Oracle Cloud Infrastructure
About Oracle Cloud Infrastructure
Oracle Cloud Infrastructure (OCI) is the global cloud computing platform of Oracle Corporation, a U.S.-based multinational technology company headquartered in Austin, Texas. Oracle positions OCI as a second-generation cloud designed for enterprise workloads, offering high-performance compute, storage, networking, database services, and AI infrastructure across public, private, hybrid, and dedicated cloud models. OCI is tightly integrated with Oracle’s database and enterprise software ecosystem and is widely used for mission-critical applications, large-scale data processing, and regulated workloads, with a global footprint of cloud regions, availability domains, and edge deployments.
⚙️ Facility Highlights
Data Center Footprint:
Oracle publicly states that OCI operates a global network of cloud regions across more than 40 regions worldwide, spanning the Americas, Europe, Middle East, Africa, and Asia-Pacific. Each region is composed of one or more availability domains, with multiple fault-isolated data centers within each domain.
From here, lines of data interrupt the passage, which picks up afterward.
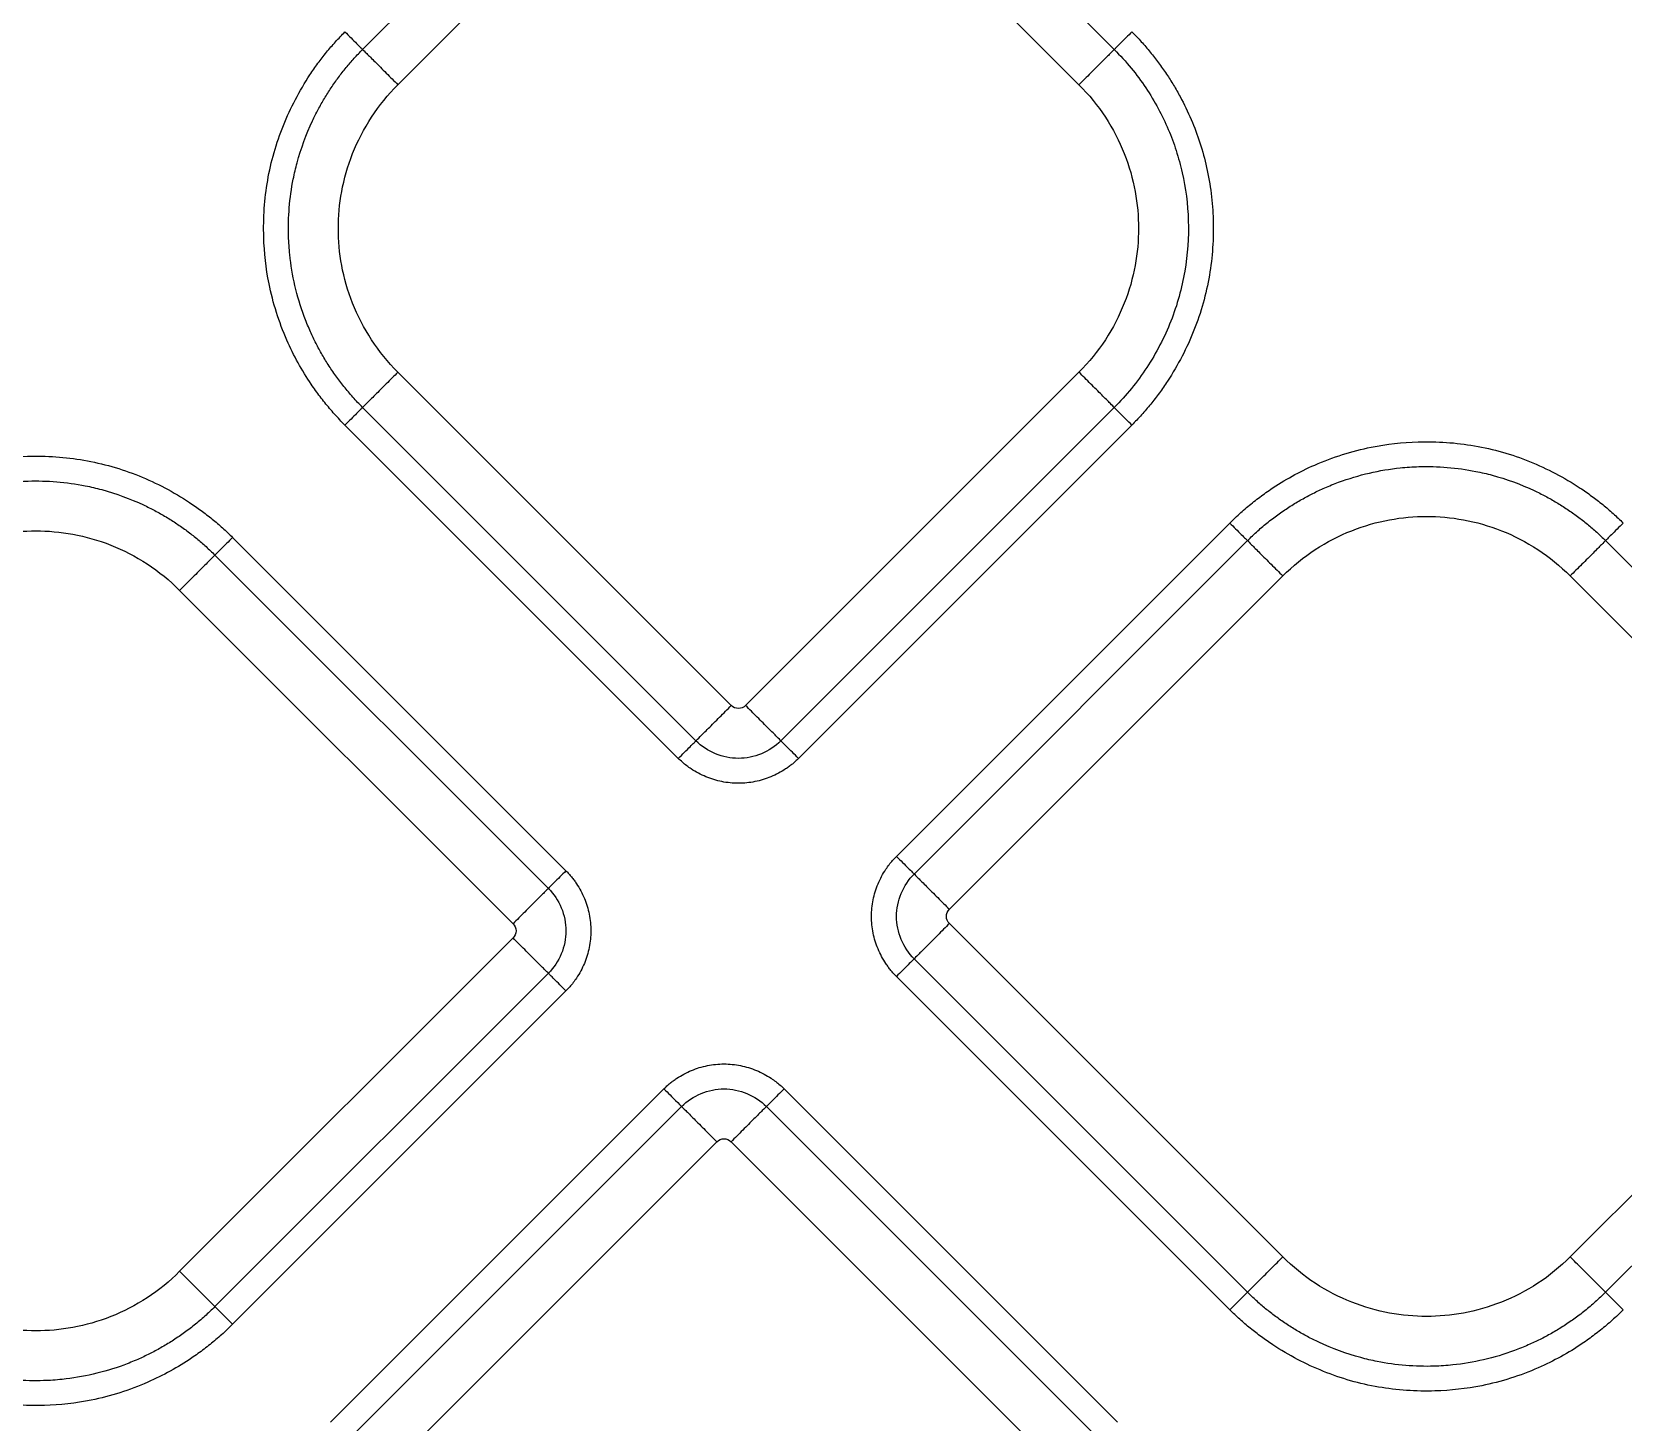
# Model space of a CAD drawing. Extents: x 0 to 84, y -21 to 126.
# Drawn here: x 42.328 to 45.472, y 42.443 to 45.191 of the extents above; entities that cross this region are included whole.
import ezdxf

# ---------------------------------------------------------------- set-up
doc = ezdxf.new("R2010")
doc.units = 0
doc.header["$MEASUREMENT"] = 0
doc.layers.add('1', color=4, linetype='Continuous')

# ---------------------------------------------------------------- blocks, each defined once
blk = doc.blocks.new('PRODIGY')
at = {"layer": '1', "color": 3, "linetype": 'Continuous', "lineweight": 25}
for p, q in [((42.981, 45.1557), (43.6397, 45.8144)), ((43.8074, 45.8144), (44.466, 45.1557)), ((43.0507, 45.086), (43.7094, 45.7447)), ((43.7377, 45.7447), (44.3963, 45.086)), ((43.7094, 43.8594), (43.0507, 44.518)), ((44.3963, 44.518), (43.7377, 43.8594)), ((43.6397, 43.7897), (42.981, 44.4483)), ((44.466, 44.4483), (43.8074, 43.7897)), ((43.6048, 43.7548), (42.9462, 44.4135)), ((44.5009, 44.4135), (43.8422, 43.7548)), ((44.0357, 43.5613), (44.6944, 44.22)), ((42.7242, 44.1915), (43.3828, 43.5328)), ((44.0706, 43.5264), (44.7292, 44.1851)), ((45.4366, 44.1851), (46.0953, 43.5264)), ((42.6893, 44.1566), (43.348, 43.4979)), ((44.1403, 43.4567), (44.799, 44.1154)), ((45.3669, 44.1154), (46.0256, 43.4567)), ((42.6196, 44.0869), (43.2783, 43.4282)), ((44.799, 42.7698), (44.1403, 43.4285)), ((46.0256, 43.4285), (45.3669, 42.7698)), ((43.2783, 43.4), (42.6196, 42.7413)), ((44.7292, 42.7001), (44.0706, 43.3588)), ((46.0953, 43.3588), (45.4366, 42.7001)), ((43.348, 43.3303), (42.6893, 42.6716)), ((43.3828, 43.2954), (42.7242, 42.6367)), ((44.6944, 42.6652), (44.0357, 43.3239)), ((42.9177, 42.4432), (43.5763, 43.1019)), ((43.8137, 43.1019), (44.4724, 42.4432)), ((42.9525, 42.4084), (43.6112, 43.067)), ((43.7789, 43.067), (44.4375, 42.4084)), ((43.0222, 42.3387), (43.6809, 42.9973)), ((43.7092, 42.9973), (44.3678, 42.3387))]:
    blk.add_line(p, q, dxfattribs=at)
for points, knots in [([(42.9462, 44.4135), (42.9427, 44.417), (42.9357, 44.4241), (42.9256, 44.4351), (42.9157, 44.4464), (42.9062, 44.4579), (42.897, 44.4697), (42.8881, 44.4818), (42.8729, 44.5036), (42.8529, 44.5362), (42.8295, 44.5835), (42.8098, 44.6358), (42.7923, 44.7038), (42.7846, 44.773), (42.7859, 44.8414), (42.7926, 44.8972), (42.8051, 44.9523), (42.8236, 45.0059), (42.8474, 45.0573), (42.8713, 45.0977), (42.8926, 45.1284), (42.9095, 45.1502), (42.9272, 45.171), (42.9399, 45.1841), (42.9462, 45.1906)], [0, 0, 0, 0, 0.017341, 0.034665, 0.051985, 0.069313, 0.086663, 0.104047, 0.121478, 0.179141, 0.236743, 0.304922, 0.372836, 0.480686, 0.54577, 0.610337, 0.67596, 0.741895, 0.807114, 0.872629, 0.904913, 0.936849, 0.968517, 1, 1, 1, 1]), ([(42.9462, 45.1906), (42.9501, 45.1867), (42.9542, 45.1825), (42.9622, 45.1745), (42.966, 45.1707), (42.9725, 45.1642), (42.9752, 45.1615), (42.9792, 45.1576), (42.9804, 45.1563), (42.981, 45.1557)], [0, 0, 0, 0, 0.25, 0.25, 0.5, 0.5, 0.75, 0.75, 1, 1, 1, 1]), ([(44.5009, 45.1906), (44.4972, 45.1869), (44.4933, 45.1829), (44.4855, 45.1752), (44.4817, 45.1714), (44.4751, 45.1647), (44.4722, 45.1619), (44.468, 45.1577), (44.4667, 45.1564), (44.466, 45.1557)], [0, 0, 0, 0, 0.25, 0.25, 0.5, 0.5, 0.75, 0.75, 1, 1, 1, 1]), ([(44.5009, 45.1906), (44.5041, 45.1874), (44.5104, 45.181), (44.5195, 45.1711), (44.5285, 45.161), (44.5372, 45.1506), (44.5456, 45.1401), (44.5538, 45.1293), (44.5617, 45.1183), (44.5717, 45.1037), (44.5834, 45.0853), (44.6003, 45.0556), (44.6187, 45.0179), (44.6362, 44.9711), (44.6494, 44.9221), (44.6582, 44.8712), (44.6623, 44.818), (44.6613, 44.7638), (44.6548, 44.7088), (44.6426, 44.6542), (44.6244, 44.6006), (44.6008, 44.5489), (44.5768, 44.5081), (44.5554, 44.4769), (44.5382, 44.4547), (44.5202, 44.4334), (44.5073, 44.4201), (44.5009, 44.4135)], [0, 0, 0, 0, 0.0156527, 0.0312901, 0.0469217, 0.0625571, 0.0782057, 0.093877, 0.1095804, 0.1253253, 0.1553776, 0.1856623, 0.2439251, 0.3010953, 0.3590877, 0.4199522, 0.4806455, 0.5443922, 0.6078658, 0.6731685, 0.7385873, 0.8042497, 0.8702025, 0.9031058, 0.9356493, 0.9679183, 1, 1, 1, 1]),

OCI also extends its footprint through Dedicated Region Cloud@Customer, which allows Oracle to deploy full OCI regions within customer data centers, and Alloy regions, enabling partners and governments to operate customized OCI-based cloud environments. Oracle further operates edge infrastructure, including FastConnect edge locations and Roving Edge Infrastructure for portable deployments in disconnected environments.
Facility Design & Infrastructure:
OCI regions are built with multiple availability domains, each consisting of one or more physically separate data centers designed for fault isolation. Within each availability domain, Oracle uses fault domains to provide additional resilience against hardware or rack-level failures.
Oracle emphasizes a high-performance architecture with non-oversubscribed network design, RDMA-based cluster networking, and bare metal and virtual machine compute instances. OCI infrastructure supports high-performance computing (HPC), GPU clusters, AI workloads, and large-scale enterprise databases.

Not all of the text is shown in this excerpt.